Software Tools in Haskell: copy
copy characters from stdin to stdout
This page is part of a series on Software Tools in Haskell.
This post is literate Haskell; you can load the source into GHCi and play along.
As usual, we start with some imports.
-- sth-copy: copy characters from stdin to stdout
module Main where
import Data.List (break, unfoldr)
import System.Exit (exitSuccess)
import System.Environment (getArgs)
Many simple tools are designed to act as filters: programs which take a stream of data, manipulate it in some way, and send it along. The copy
program is the simplest possible example of a filter – the identity filter. This is even simpler than cat
, which at least reads and concatenates files.
We can think of copy
as just a character filter – it reads characters on stdin
and writes them, unmodified, to stdout
. But there is another, subtler way to think about how copy
should behave. If the data passed in to copy
is lined text, then every (logical) line should be terminated by a newline character. This may not be the case, though; specifically, the last line in a text file may not be newline-terminated. This is a simple error, though, and so we’d like for copy
to correct this problem. It appears then that copy
has two possible “modes”: character mode and line mode. In character mode, copy
passes bytes from stdin
to stdout
, and in line mode it should additionally make sure that the last character is a newline.
These two uses of copy
are fundamentally different (consider systems where the line separator is something other than \n
) but not so different as to warrant two separate programs. Instead, we’ll provide an argument to let the user specify which mode to use. Rather than making the user specify a mode every time, it is better to make one the default and only require an explicit flag for the other. So: which mode should be the default? Which is more likely to be used? With some experience, lined text seems to be the most common textual format, so we’ll make this the default and enable straight character copying with a --char
flag.
The way we get command line arguments in Haskell is with the getArgs
function in System.Environment
. This function has signature IO [String]
and returns a list of all the arguments given to our program at the command line.
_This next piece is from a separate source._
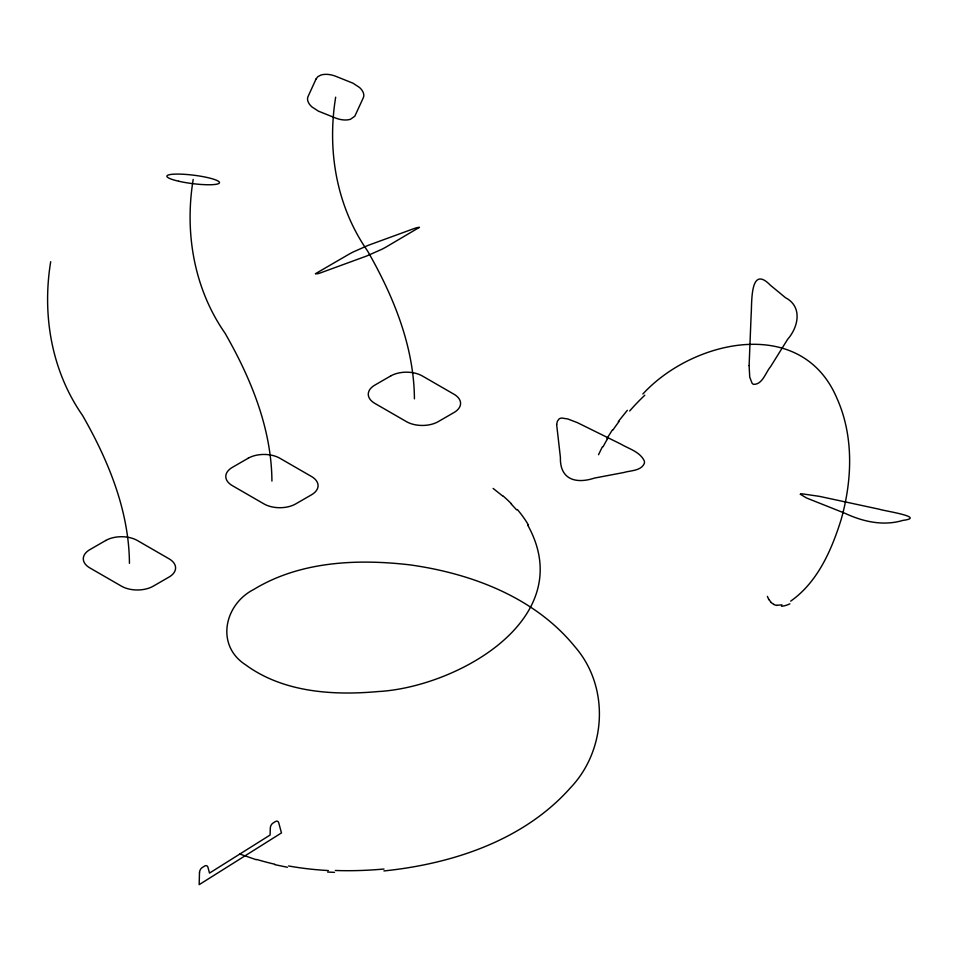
<?xml version="1.0" encoding="UTF-8"?>
<svg xmlns="http://www.w3.org/2000/svg" width="959" height="959" viewBox="0 0 959 959"><rect width="100%" height="100%" fill="white"/><g stroke="black" fill="none" stroke-linecap="round" stroke-linejoin="round"><path stroke-width="1.44" d="M50.695 261.699C41.956 314.876 51.474 370.893 82.558 415.463C108.355 460.524 129.069 510.679 129.441 563.353M193.191 179.429C184.452 232.605 193.958 288.623 225.041 333.193C250.838 378.254 271.565 428.409 271.924 481.082M335.674 97.171C326.947 150.347 336.453 206.353 367.537 250.922C393.334 295.995 414.06 346.151 414.42 398.824M598.524 454.722L602.252 447.026M606.903 438.635L612.31 430.028M618.315 421.516L627.318 410.332M642.854 394.017C692.554 339.846 801.628 314.972 836.907 398.237C854.001 436.249 852.263 480.231 841.115 519.646C831.585 550.106 817.619 582.233 790.684 601.137M781.981 604.877L776.994 605.249M383.912 870.94C452.204 863.879 523.518 840.575 570.329 787.95C606.639 750.022 609.792 686.74 574.956 646.798C534.99 597.457 471.672 573.554 410.368 564.923C357.695 558.713 300.215 561.111 253.799 589.437C224.37 604.314 215.331 645.227 245.456 664.719C282.953 692.314 332.605 695.635 377.51 691.595C456.076 687.579 580.015 618.999 527.69 525.064M327.606 872.043L334.511 872.366M287.424 867.272L274.574 864.598M256.293 859.732L239.81 854.061M773.769 604.374L771.036 602.492M493.118 488.431L502.456 495.839M511.255 504.074L516.625 509.864M768.866 599.747L767.38 596.354M274.933 864.263A238.875 123.483 -7.2 0 1 256.664 859.432M328.362 870.556A217.597 115.5 -8 0 1 288.563 865.965M383.996 869.01A225.041 124.85 -8.8 0 1 335.302 870.484M517.38 509.565A139.007 98.345 8.4 0 1 528.349 524.909M502.756 495.683A149.268 102.505 11.2 0 1 511.555 503.943M603.091 446.75A139.367 56.461 -42.2 0 1 607.766 438.407M613.017 429.956A121.649 54.495 -40 0 1 619.023 421.528M629.667 410.979A131.011 66.998 -37.8 0 1 644.82 395.204M789.904 603.798A131.011 39.439 -68.1 0 1 781.501 606.232M776.886 605.453A121.649 33.925 -61.7 0 1 773.757 604.398M771.12 602.36A139.367 38.887 -58.2 0 1 769.082 599.435M749.111 365.547L749.734 377.139L752.036 383.132A11.04 5.85 -83.7 0 0 753.51 384.343C762.549 384.715 765.654 372.332 770.652 366.554L787.651 339.282C798.475 327.007 802.683 306.616 785.517 297.722L770.317 285.171C749.65 263.917 752.084 303.428 751.137 314.84L749.111 365.547M199.496 872.666L199.16 884.666L281.466 832.927L278.745 822.858A4.483 2.781 -68.7 0 0 275.425 821.563L272.931 823.122A4.483 2.781 -68.7 0 0 270.294 828.18L270.102 835.025L209.506 873.098L207.959 867.356A4.483 2.781 -68.7 0 0 204.627 866.049L202.145 867.619A4.483 2.781 -68.7 0 0 199.496 872.666M556.652 424.561L560.404 457.383C559.732 479.512 575.939 484.211 594.448 478.085L623.853 472.499C630.674 470.437 641.091 471.001 644.352 463.389A10.081 6.821 24 0 0 644.16 460.608C639.689 451.629 628.768 448.776 620.677 444.005L577.294 422.607L567.788 418.963L561.938 418.064A6.701 4.531 24 0 0 559.025 419.011L557.359 421.289L556.652 424.561M800.369 494.281L806.663 498.045L844.687 513.173C862.884 521.672 883.167 526.335 902.982 520.377C927.101 517.261 883.251 510.787 879.607 509.301L819.489 496.366L802.096 493.825A12.047 1.762 12.5 0 0 800.753 494.005L800.369 494.281M316.11 78.89L308.031 96.583A18.269 10.177 18.6 0 0 311.795 106.821L318.34 111.112L335.47 117.993A16.183 9.015 18.6 0 0 350.479 119.264L354.818 116.207L363.317 97.746A18.269 10.177 18.6 0 0 359.553 87.509L353.02 83.217L335.878 76.336A16.183 9.015 18.6 0 0 320.869 75.066L317.825 76.696L316.11 78.89M315.487 273.687L317.729 273.759A13.522 1.127 -23 0 0 321.709 272.44L366.554 256.053L381.55 249.424A21.158 1.762 -23 0 0 385.782 247.194L419.467 227.319L417.069 227.619A13.522 1.127 -23 0 0 413.089 228.937L368.244 245.324L353.248 251.953A21.158 1.762 -23 0 0 349.016 254.195L315.487 273.687M105.694 540.504L89.858 549.639A22.393 12.923 0 0 0 89.858 567.92L121.529 586.201A22.393 12.923 0 0 0 153.188 586.201L169.024 577.066A22.393 12.923 0 0 0 169.024 558.785L137.353 540.504A22.393 12.923 0 0 0 105.694 540.504M248.177 458.234L232.354 467.369A22.393 12.923 0 0 0 232.354 485.65L264.013 503.931A22.393 12.923 0 0 0 295.684 503.931L311.507 494.796A22.393 12.923 0 0 0 311.507 476.515L279.848 458.234A22.393 12.923 0 0 0 248.177 458.234M390.673 375.964L374.837 385.11A22.393 12.923 0 0 0 374.837 403.391L406.508 421.672A22.393 12.923 0 0 0 438.167 421.672L454.003 412.526A22.393 12.923 0 0 0 454.003 394.245L422.332 375.964A22.393 12.923 0 0 0 390.673 375.964M178.734 181.239A26.48 4.244 7.1 0 0 219.419 182.881A26.48 4.244 7.1 0 0 181.407 174.166A26.48 4.244 7.1 0 0 178.734 181.239"/></g></svg>

Depending on the mode, copy
does one of two things: read each character from stdin
and write it to stdout
, or read each line from stdin
and write it to stdout
. We can think of these actions as specific instances of a more general pattern: read a character from stdin
, apply a mapping to it, and write the result to stdout
, or read a line from stdin
, apply a mapping to it, and write the result to stdout
. As we will see, many programs are of this form. So we will write general-purpose character and line filter programs, parameterized on the mapping used to transform the input. charFilter
simply reads everything it can from stdin
, applies a function to it, and writes out the result. Note that the standard library function getContents
reads from stdin lazily, so despite appearances this function does not read all of stdin
at once before getting to work.
-- apply a map to stdin
charFilter :: (String -> String) -> IO ()
charFilter f = do
xs <- getContents
putStr $ f xs
lineFilter
does the same, only it extracts the (logical) lines from stdin
first. (The function getLines
extracts the logical lines from a string; we will see this function in detail when we discuss count
.)
-- apply a map to each line of stdin.
lineFilter :: (String -> String) -> IO ()
lineFilter f = do
xs <- fmap getLines getContents
sequence_ $ map (putStrLn . f) xs
-- split a string of characters at any instances
-- of the newline character ('\n'). the resulting
-- strings do not contain any newlines.
getLines :: String -> [String]
getLines = unfoldr firstLine
where
firstLine :: String -> Maybe (String, String)
firstLine xs = case break (== '\n') xs of
("","") -> Nothing
(as,"") -> Just (as,"")
(as,b:bs) -> Just (as,bs)
By wrapping the basic behavior of filters behind a higher order function like this, we can write at a higher level. The copy
program then just needs to determine whether to process characters or lines and filter with the identity.
data Mode = Chars | Lines
main :: IO ()
main = do
args <- getArgs
mode <- case args of
["--char"] -> return Chars
otherwise -> return Lines
case mode of
Chars -> charFilter id
Lines -> lineFilter id
exitSuccess
I have to confess that I don’t see what the practical use of copy
is. However, it is valuable to see that our environment for compiling, running, and testing programs is working properly.